◆ PROVIDED MATERIAL
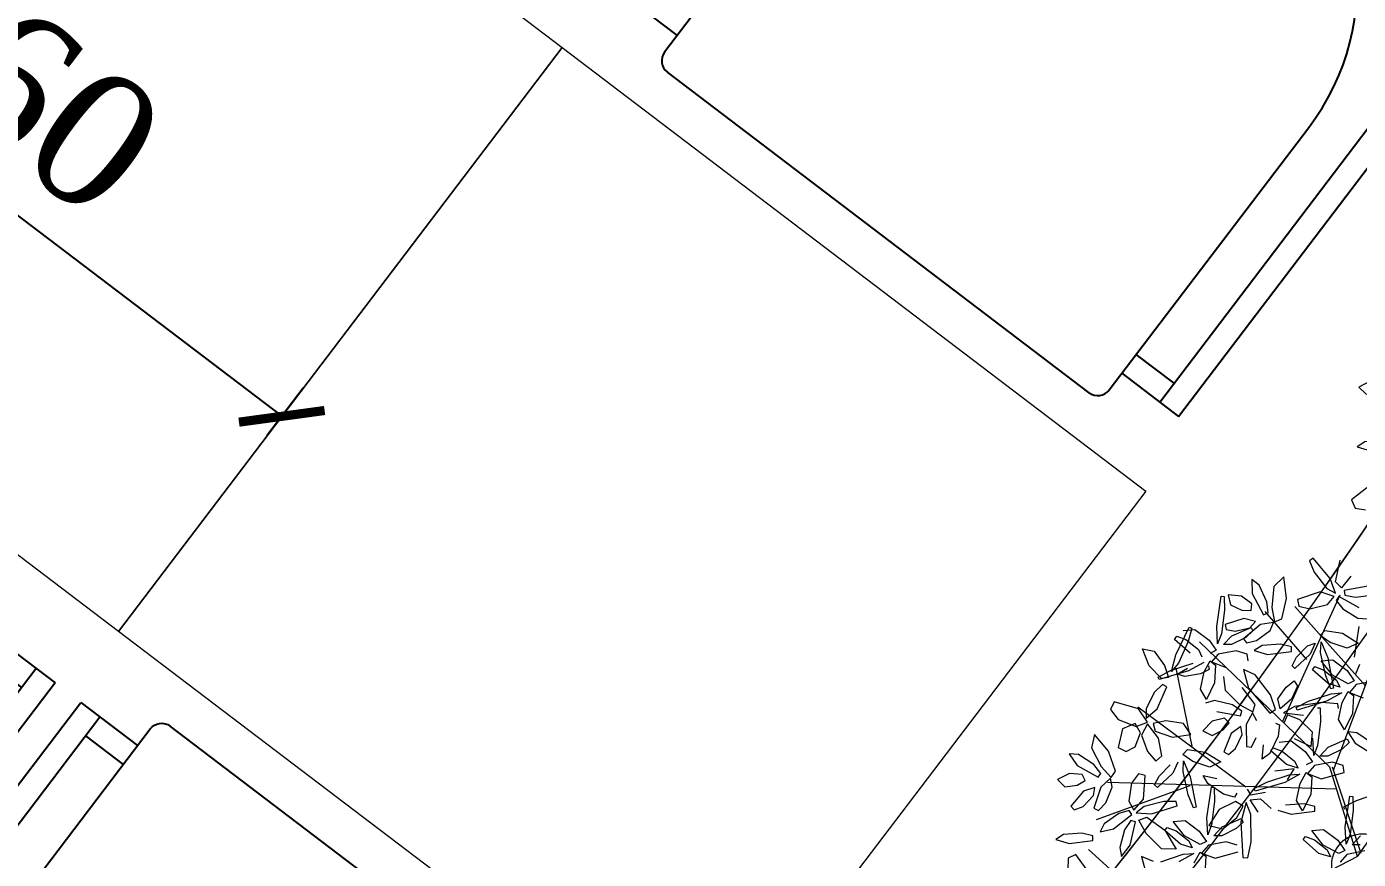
# Model space of a CAD drawing. Header units: millimetres. Extents: x 4980 to 19099, y 3891 to 5773.
# Drawn here: x 7942.5 to 8051.5, y 4348 to 4416.2 of the extents above; entities that cross this region are included whole.
import ezdxf

# ---------------------------------------------------------------- set-up
doc = ezdxf.new("R2010")
doc.units = ezdxf.units.MM
doc.linetypes.add('CONTINUA', pattern=[0])
doc.layers.add('Kıtc-002 Çizgi', color=7, linetype='Continuous')
doc.layers.add('TEFRIS', color=11, linetype='Continuous')
for name, color, linetype, lineweight in [('no3_ahşap gorunus on kalın', 34, 'Continuous', 20), ('no3_duvar tarama', 253, 'Continuous', 9), ('no3_tefriş ön kalın', 200, 'Continuous', 25), ('no3_ölçü tefriş', 252, 'Continuous', 0), ('PLAN YAZI', 4, 'Continuous', 9), ('t_tefris ince', 34, 'Continuous', 15)]:
    doc.layers.add(name, color=color, linetype=linetype, lineweight=lineweight)
doc.styles.add('ROMANSTW', font='georgia.ttf')
doc.dimstyles.new('M1', dxfattribs={"dimtxt": 11, "dimasz": 5, "dimexe": 2, "dimexo": 5, "dimgap": 3, "dimtad": 1, "dimdec": 1, "dimzin": 12, "dimdsep": 46, "dimtxsty": 'ROMANSTW', "dimblk": 'ARCHTICK', "dimcen": 0.09, "dimclrd": 251, "dimclre": 251, "dimclrt": 1, "dimadec": 0, "dimazin": 0, "dimtfac": 1, "dimtdec": 1, "dimtix": 1, "dimtmove": 0, "dimatfit": 3, "dimldrblk": 'ARCHTICK', "dimfxl": 1, "dimtolj": 1, "dimtzin": 0, "dimarcsym": 0})

# ---------------------------------------------------------------- blocks, each defined once
blk = doc.blocks.new('SAN-1')
at = {"layer": 'no3_tefriş ön kalın', "linetype": 'CONTINUA'}
for p, q in [((4.5, 56.96), (-4.5, 56.96)), ((4.5, 54.96), (-4.5, 54.96)), ((3.5, 48.96), (-3.5, 48.96)), ((-29.5, 31.96), (-29.5, 2.96)), ((-27.5, 31.96), (-27.5, 2.96)), ((27.5, 2.96), (27.5, 31.96)), ((29.5, 2.96), (29.5, 31.96)), ((-23.5, 28.96), (-23.5, 1.2)), ((23.5, 1.2), (23.5, 28.96)), ((-27.5, 4.96), (-23.5, 4.96)), ((27.5, 4.96), (23.5, 4.96)), ((-29.5, 2.96), (-23.5, 2.96)), ((23.5, 2.96), (29.5, 2.96)), ((22.3, 0), (-22.3, 0))]:
    blk.add_line(p, q, dxfattribs=at)
at = {"layer": 'no3_tefriş ön kalın'}
for p, q in [((-16.76, 43.93), (-17.67, 50.81)), ((16.76, 43.93), (17.67, 50.81)), ((-19.1, 49.73), (-18.19, 42.53)), ((19.1, 49.73), (18.19, 42.53))]:
    blk.add_line(p, q, dxfattribs=at)
at = {"layer": 'no3_tefriş ön kalın', "linetype": 'CONTINUA'}
for centre, radius, start, end in [((-4.5, 31.96), 25, 90, 180), ((4.5, 31.96), 25, 0, 90), ((-4.5, 31.96), 23, 90, 180), ((4.5, 31.96), 23, 0, 90), ((-3.5, 28.96), 20, 90, 180), ((3.5, 28.96), 20, 0, 90), ((-22.3, 1.2), 1.2, 180, 270), ((22.3, 1.2), 1.2, 270, 0)]:
    blk.add_arc(centre, radius, start, end, dxfattribs=at)
blk = doc.blocks.new('_ArchTick')
at = {"layer": 'Kıtc-002 Çizgi', "color": 0, "const_width": 0.15}
blk.add_lwpolyline([(-0.5, -0.5), (0.5, 0.5)], dxfattribs=at)
blk = doc.blocks.new('*D134')
at = {"layer": 'Defpoints', "color": 0, "transparency": 16777216}
for p in [(7920.43, 4426.88), (7968.2, 4390.58), (7963.42, 4384.29)]:
    blk.add_point(p, dxfattribs=at)
at = {"layer": 'no3_duvar tarama', "color": 251, "lineweight": -2, "transparency": 16777216}
for p, q in [((7917.4, 4422.9), (7914.44, 4419)), ((7915.65, 4420.59), (7963.42, 4384.29)), ((7965.18, 4386.6), (7962.21, 4382.7))]:
    blk.add_line(p, q, dxfattribs=at)
at = {"layer": 'no3_duvar tarama', "color": 251, "lineweight": -2, "transparency": 16777216, "xscale": 5, "yscale": 5, "zscale": 5}
for p, rotation in [((7915.65, 4420.59), 142.7673207712453), ((7963.42, 4384.29), 322.7673207712453)]:
    blk.add_blockref('_ArchTick', p, dxfattribs=dict(at, rotation=rotation))
at = {"layer": 'no3_duvar tarama', "color": 1, "transparency": 16777216, "insert": (7944.79, 4409.35), "char_height": 11, "attachment_point": 5, "rotation": 322.7673, "style": 'ROMANSTW'}
blk.add_mtext('\\A1;60', dxfattribs=at)
blk = doc.blocks.new('p34')
at = {"color": 68}
for p, q in [((1694.21, -14121.64), (1693.81, -14119.88)), ((1694.63, -14121.38), (1696.03, -14119.71)), ((1696.32, -14119.92), (1695.95, -14120.85)), ((1696.03, -14119.71), (1696.32, -14119.92)), ((1692.95, -14121.18), (1693.73, -14122.15)), ((1693.73, -14122.15), (1694.21, -14121.64)), ((1694.22, -14122.57), (1694.63, -14121.38)), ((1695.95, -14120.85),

◆ WHAT TO PRODUCE
In the copy you write, the data above must appear exactly, with no pictures.

◆ SOLVED EXERCISE
# Model space of a CAD drawing. Header units: millimetres. Extents: x 4980 to 19099, y 3891 to 5773.
# Drawn here: x 7942.5 to 8051.5, y 4348 to 4416.2 of the extents above; entities that cross this region are included whole.
import ezdxf

# ---------------------------------------------------------------- set-up
doc = ezdxf.new("R2010")
doc.units = ezdxf.units.MM
doc.linetypes.add('CONTINUA', pattern=[0])
doc.layers.add('Kıtc-002 Çizgi', color=7, linetype='Continuous')
doc.layers.add('TEFRIS', color=11, linetype='Continuous')
for name, color, linetype, lineweight in [('no3_ahşap gorunus on kalın', 34, 'Continuous', 20), ('no3_duvar tarama', 253, 'Continuous', 9), ('no3_tefriş ön kalın', 200, 'Continuous', 25), ('no3_ölçü tefriş', 252, 'Continuous', 0), ('PLAN YAZI', 4, 'Continuous', 9), ('t_tefris ince', 34, 'Continuous', 15)]:
    doc.layers.add(name, color=color, linetype=linetype, lineweight=lineweight)
doc.styles.add('ROMANSTW', font='georgia.ttf')
doc.dimstyles.new('M1', dxfattribs={"dimtxt": 11, "dimasz": 5, "dimexe": 2, "dimexo": 5, "dimgap": 3, "dimtad": 1, "dimdec": 1, "dimzin": 12, "dimdsep": 46, "dimtxsty": 'ROMANSTW', "dimblk": 'ARCHTICK', "dimcen": 0.09, "dimclrd": 251, "dimclre": 251, "dimclrt": 1, "dimadec": 0, "dimazin": 0, "dimtfac": 1, "dimtdec": 1, "dimtix": 1, "dimtmove": 0, "dimatfit": 3, "dimldrblk": 'ARCHTICK', "dimfxl": 1, "dimtolj": 1, "dimtzin": 0, "dimarcsym": 0})

# ---------------------------------------------------------------- blocks, each defined once
blk = doc.blocks.new('SAN-1')
at = {"layer": 'no3_tefriş ön kalın', "linetype": 'CONTINUA'}
for p, q in [((4.5, 56.96), (-4.5, 56.96)), ((4.5, 54.96), (-4.5, 54.96)), ((3.5, 48.96), (-3.5, 48.96)), ((-29.5, 31.96), (-29.5, 2.96)), ((-27.5, 31.96), (-27.5, 2.96)), ((27.5, 2.96), (27.5, 31.96)), ((29.5, 2.96), (29.5, 31.96)), ((-23.5, 28.96), (-23.5, 1.2)), ((23.5, 1.2), (23.5, 28.96)), ((-27.5, 4.96), (-23.5, 4.96)), ((27.5, 4.96), (23.5, 4.96)), ((-29.5, 2.96), (-23.5, 2.96)), ((23.5, 2.96), (29.5, 2.96)), ((22.3, 0), (-22.3, 0))]:
    blk.add_line(p, q, dxfattribs=at)
at = {"layer": 'no3_tefriş ön kalın'}
for p, q in [((-16.76, 43.93), (-17.67, 50.81)), ((16.76, 43.93), (17.67, 50.81)), ((-19.1, 49.73), (-18.19, 42.53)), ((19.1, 49.73), (18.19, 42.53))]:
    blk.add_line(p, q, dxfattribs=at)
at = {"layer": 'no3_tefriş ön kalın', "linetype": 'CONTINUA'}
for centre, radius, start, end in [((-4.5, 31.96), 25, 90, 180), ((4.5, 31.96), 25, 0, 90), ((-4.5, 31.96), 23, 90, 180), ((4.5, 31.96), 23, 0, 90), ((-3.5, 28.96), 20, 90, 180), ((3.5, 28.96), 20, 0, 90), ((-22.3, 1.2), 1.2, 180, 270), ((22.3, 1.2), 1.2, 270, 0)]:
    blk.add_arc(centre, radius, start, end, dxfattribs=at)
blk = doc.blocks.new('_ArchTick')
at = {"layer": 'Kıtc-002 Çizgi', "color": 0, "const_width": 0.15}
blk.add_lwpolyline([(-0.5, -0.5), (0.5, 0.5)], dxfattribs=at)
blk = doc.blocks.new('*D134')
at = {"layer": 'Defpoints', "color": 0, "transparency": 16777216}
for p in [(7920.43, 4426.88), (7968.2, 4390.58), (7963.42, 4384.29)]:
    blk.add_point(p, dxfattribs=at)
at = {"layer": 'no3_duvar tarama', "color": 251, "lineweight": -2, "transparency": 16777216}
for p, q in [((7917.4, 4422.9), (7914.44, 4419)), ((7915.65, 4420.59), (7963.42, 4384.29)), ((7965.18, 4386.6), (7962.21, 4382.7))]:
    blk.add_line(p, q, dxfattribs=at)
at = {"layer": 'no3_duvar tarama', "color": 251, "lineweight": -2, "transparency": 16777216, "xscale": 5, "yscale": 5, "zscale": 5}
for p, rotation in [((7915.65, 4420.59), 142.7673207712453), ((7963.42, 4384.29), 322.7673207712453)]:
    blk.add_blockref('_ArchTick', p, dxfattribs=dict(at, rotation=rotation))
at = {"layer": 'no3_duvar tarama', "color": 1, "transparency": 16777216, "insert": (7944.79, 4409.35), "char_height": 11, "attachment_point": 5, "rotation": 322.7673, "style": 'ROMANSTW'}
blk.add_mtext('\\A1;60', dxfattribs=at)
blk = doc.blocks.new('p34')
at = {"color": 68}
for p, q in [((1694.21, -14121.64), (1693.81, -14119.88)), ((1694.63, -14121.38), (1696.03, -14119.71)), ((1696.32, -14119.92), (1695.95, -14120.85)), ((1696.03, -14119.71), (1696.32, -14119.92)), ((1692.95, -14121.18), (1693.73, -14122.15)), ((1693.73, -14122.15), (1694.21, -14121.64)), ((1694.22, -14122.57), (1694.63, -14121.38)), ((1695.95, -14120.85),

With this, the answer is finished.